= Sudden acquired retinal degeneration syndrome =

Disease of dogs

Sudden acquired retinal degeneration syndrome (SARDS) is a disease in dogs causing sudden blindness. It can occur in any breed, but female dogs may be predisposed. Approximately 4000 cases are seen in the United States annually.

==Characteristics==

Symptoms include sudden permanent blindness, but may occur more slowly over several days, weeks or months, dilated pupils. Pupillary light reflexes are usually reduced but present; the slow phase mediated by melanopsin in retinal ganglion cells is retained. Other symptoms commonly seen are similar to those seen with Cushing's disease and include increased water consumption and urination, weight gain, confusion, restlessness, behavioral changes and lethargy. These symptoms may develop over a few months preceding the onset of SARDS. Clinical signs and disease progression vary markedly among individual animals, depending on the number and type of hormones that are increased, the degree of hormone elevation, and the age of the dog.
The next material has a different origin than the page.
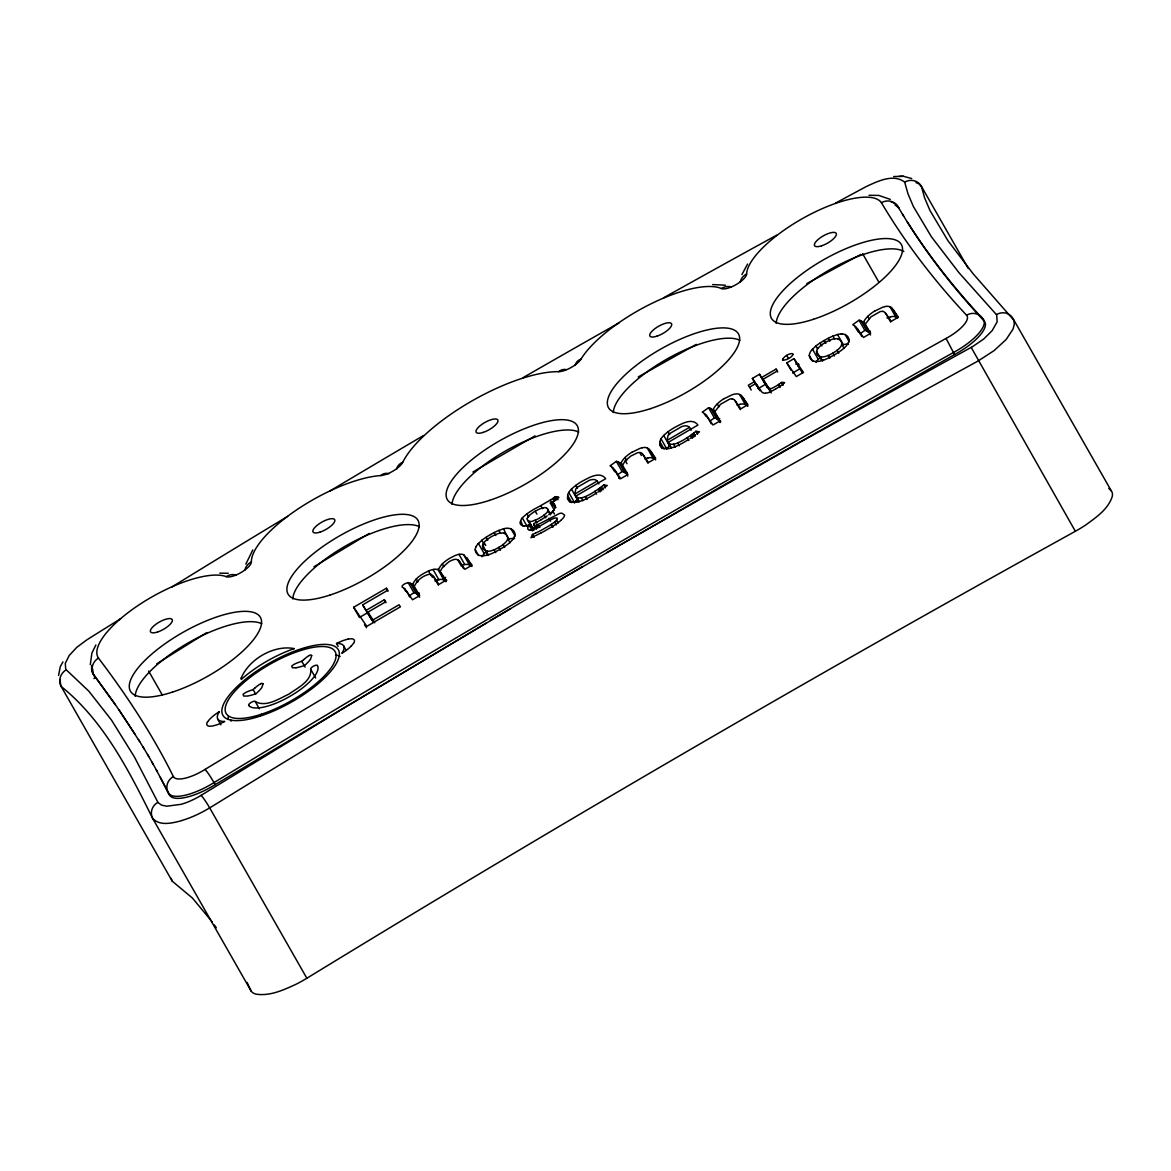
<?xml version="1.0" encoding="UTF-8"?>
<svg xmlns="http://www.w3.org/2000/svg" width="1171" height="1171" viewBox="0 0 1171 1171"><rect width="100%" height="100%" fill="white"/><g stroke="black" fill="none" stroke-linecap="round" stroke-linejoin="round"><path stroke-width="1.5" d="M571.77 502.652L567.642 495.377L567.584 498.641A35.364 11.93 -29.6 0 0 568.037 499.563L568.345 500.032A31.119 10.495 -29.6 0 0 571.565 502.022L572.37 502.154M664.016 449.005L659.888 441.73L659.844 444.995A35.364 11.93 -29.6 0 0 660.298 445.917L660.605 446.385A31.119 10.495 -29.6 0 0 663.811 448.361L664.616 448.508M58.579 675.418L60.292 666.636L62.941 661.878M90.299 664.689L91.894 653.081L95.89 644.958M60.014 679.531L60.79 685.825L172.254 881.192L192.468 898.098L212.361 922.075M534.152 525.486L533.8 525.428A4.567 1.537 -29.6 0 1 533.756 524.945L533.756 524.871A4.567 1.537 -29.6 0 0 533.756 524.403L535.381 527.331M550.692 514.596L547.545 508.99A29.216 9.851 -29.6 0 1 547.75 509.356L547.706 510.893A9.427 3.176 -29.6 0 1 546.945 512.503A9.924 3.352 -29.6 0 1 544.105 514.933L545.774 517.845M527.228 518.68L527.36 518.211A7.875 2.649 -29.6 0 1 528.311 516.631M482.628 545.291L482.891 544.413M482.715 544.983L487.458 554.439M821.53 360.141L816.582 351.402L816.963 350.114A7.919 2.664 -29.6 0 1 818.017 348.285M482.525 545.642L482.554 545.554A49.797 16.789 -29.6 0 0 483.345 548.862M816.597 351.329L816.626 351.256A49.797 16.789 -29.6 0 0 817.417 354.564M522.837 525.823L520.612 520.744M245.837 564.1L252.819 549.916M547.838 510.336L550.326 514.698M433.343 569.326A16.233 5.474 -29.6 0 1 437.412 569.604L439.023 568.462A31.266 10.539 -29.6 0 1 442.316 563.822L443.941 566.735M443.355 579.689L444.658 578.972A30.695 10.349 -29.6 0 1 445.595 577.288M782.989 358.911L782.784 359.687M476.173 546.55L475.558 548.028A19.834 6.689 -29.6 0 0 475.221 549.741L475.411 550.838A49.68 16.745 -29.6 0 0 478.983 555.244A28.104 9.485 -29.6 0 0 482.086 555.742L482.584 555.786M535.454 533.112L533.303 534.078A24.708 8.329 -29.6 0 0 532.512 534.444L531.019 537.738A9.485 3.191 -29.6 0 0 534.81 535.952L535.85 535.484A20.097 6.777 -29.6 0 0 537.182 534.869L539.041 533.888A12.749 4.303 -29.6 0 0 540.636 533.112L541.075 532.893M528.633 526.101L529.146 525.062L532.454 530.887M847.965 343.337L848.624 341.771A19.834 6.689 -29.6 0 0 848.96 340.073M513.849 537.738L514.552 536.069A19.834 6.689 -29.6 0 0 514.874 534.371M416.671 582.177L416.466 582.587A34.398 11.608 -29.6 0 1 415.998 583.392L413.787 587.095L419.584 597.269M741.902 274.541L747.596 264.075M445.902 581.767L440.12 571.58L441.555 568.974A23.654 7.977 -29.6 0 1 442.931 566.969L449.005 561.743A8.768 2.957 -29.6 0 1 454.89 559.328A14.491 4.889 -29.6 0 1 457.246 559.679L457.773 559.884A13.554 4.567 -29.6 0 1 458.754 560.528M446.122 581.343L446.766 580.172M627.817 476.158L622.035 465.97L624.977 461.33M720.063 422.511L714.281 412.324L720.546 404.317L729.635 399.15A5.914 1.991 -29.6 0 1 730.938 398.901L732.036 398.96M870.536 334.994L864.74 324.806L871.004 316.814L880.094 311.647A5.914 1.991 -29.6 0 1 881.397 311.384L882.495 311.442M720.238 422.189L720.78 421.253M207.882 721.541L208.482 720.692A17.785 6.001 -29.6 0 1 210.063 718.862A21.664 7.304 -29.6 0 1 219.401 711.631A30.036 10.129 -29.6 0 0 224.759 721.438A21.678 7.304 -29.6 0 1 213.107 725.859A15.194 5.123 -29.6 0 1 207.545 721.658M353.379 643.391L352.778 644.255A17.785 6.001 -29.6 0 1 351.198 646.07M641.43 455.519L639.79 452.606L638.678 452.548A5.914 1.991 -29.6 0 0 637.375 452.811L630.584 456.207L625.109 461.154M310.461 659.332L311.749 655.511M797.978 365.967L798.3 365.542A4.464 1.508 -29.6 0 0 798.622 364.576L798.549 364.415M477.797 544.149L482.115 540.021A18.18 6.133 -29.6 0 1 486.082 537.284A11.9 4.011 -29.6 0 1 488.775 535.586L490.561 534.532M485.702 552.214L483.594 554.337A16.496 5.562 -29.6 0 0 481.925 556.752M820.198 357.506L817.665 360.024A16.496 5.562 -29.6 0 0 815.997 362.454M820.154 342.986A18.18 6.133 -29.6 0 0 816.202 345.723L811.884 349.836A16.496 5.562 -29.6 0 0 810.215 352.266L809.629 353.73A19.834 6.689 -29.6 0 0 809.293 355.428L809.483 356.54A49.68 16.745 -29.6 0 0 813.069 360.946M528.326 516.631L529.614 515.211A6.528 2.196 -29.6 0 1 530.961 514.084L532.512 512.942A12.603 4.245 -29.6 0 1 535.235 511.185A18.18 6.133 -29.6 0 1 539.597 509.019L539.919 508.873A11.9 4.011 -29.6 0 1 543.3 507.848M576.073 500.603L576.966 499.622A21.898 7.377 -29.6 0 0 577.244 499.3L577.479 499.08A38.541 12.998 -29.6 0 1 577.976 498.626M568.682 492.523A12.53 4.23 -29.6 0 1 570.306 490.415L571.17 489.434A21.898 7.377 -29.6 0 0 571.463 489.112L572.195 488.439A44.191 14.901 -29.6 0 1 573.57 487.238L575.781 485.38A32.188 10.846 -29.6 0 1 581.841 481.427C588.471 478.017 599.757 470.669 605.714 478.705L575.708 496.153L579.016 501.978M660.942 438.862A12.53 4.23 -29.6 0 1 662.566 436.754L663.43 435.773A21.898 7.377 -29.6 0 0 663.708 435.451L664.44 434.792A44.191 14.901 -29.6 0 1 665.816 433.592L668.041 431.718A32.188 10.846 -29.6 0 1 674.086 427.766C680.732 424.37 692.017 417.008 697.96 425.044L667.968 442.506L671.276 448.317M659.873 441.73A18.765 6.323 -29.6 0 1 661.059 438.832L666.811 449.02A12.53 4.23 -29.6 0 1 668.348 446.941L669.212 445.961A21.898 7.377 -29.6 0 0 669.49 445.639L669.724 445.419A38.541 12.998 -29.6 0 1 670.485 444.746M561.187 520.085L561.699 519.602A12.793 4.318 -29.6 0 0 564.378 516.104L564.51 515.606A20.17 6.806 -29.6 0 0 564.568 514.991L561.846 513.161A10.276 3.469 -29.6 0 0 559.489 513.469L538.162 524.476L539.816 527.389M561.099 520.158L559.694 521.402A28.528 9.617 -29.6 0 1 558.626 522.222L557.528 523.042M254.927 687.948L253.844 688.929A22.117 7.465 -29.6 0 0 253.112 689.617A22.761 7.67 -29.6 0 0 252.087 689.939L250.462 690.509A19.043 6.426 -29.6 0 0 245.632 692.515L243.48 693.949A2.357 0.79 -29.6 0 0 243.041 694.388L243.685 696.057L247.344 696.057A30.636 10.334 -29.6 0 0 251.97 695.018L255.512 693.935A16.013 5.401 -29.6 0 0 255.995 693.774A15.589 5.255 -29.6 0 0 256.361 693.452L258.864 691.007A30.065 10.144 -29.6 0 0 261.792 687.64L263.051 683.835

Some owners notice a more obvious "eye shine" in photographs due to the dilated pupils and retinal atrophy creating what is described as a "hyper-reflective tapetum".

==Causes==

The cause of SARDS is considered to be idiopathic and the veterinary community is divided as to its cause, but the most common hypotheses on the causes of the disease possibly include autoimmune disease, or exposure to toxins. Autoimmune disease as a cause is controversial because some studies have supported the presence of antiretinal autoantibodies in dogs with SARDS, but others have failed to show a link. Despite similar symptoms and blood test results to Cushing's disease, evaluation of dogs with SARDS did not reveal any tumors in the pituitary or adrenal glands, and recent work has indicated significant differences in the clinical and laboratory test parameters between the two diseases.

==Diagnosis==

Examination with an ophthalmoscope will initially show no changes, but in a few months atrophy of the retina will resemble the appearance of progressive retinal atrophy. Pathologically, there is a loss of the rod and cone cells followed by degeneration of other layers of the retina. The retinal degeneration appears to be related to apoptosis of these cells. SARDS must be distinguished from other causes of sudden blindness that have no visible pathology, including retrobulbar optic neuritis, a tumor at the optic chiasm, or other central nervous system diseases. Electroretinography is useful to definitively diagnose SARDS.

==Treatment==

While there is no unilateral treatment for SARDS researchers at the Iowa State University (ISU) led by Dr. Siniša Grozdanić, a veterinary ophthalmologist at ISU, have successfully restored vision in two dogs who have been in 2007 successfully treated through an experimental treatment by intravenous immunoglobin (IVIg). "Although the dogs won't be catching any Frisbees, they can navigate and not bump into objects", Dr. Grozdanić notes.

Various immunosuppressive treatment regimens have been tried, but are not consistently effective. Treatment regimens with adrenal steroids and thyroid hormones have been proposed, but as of 2016 no controlled, peer reviewed studies had investigated the effectiveness of such treatments.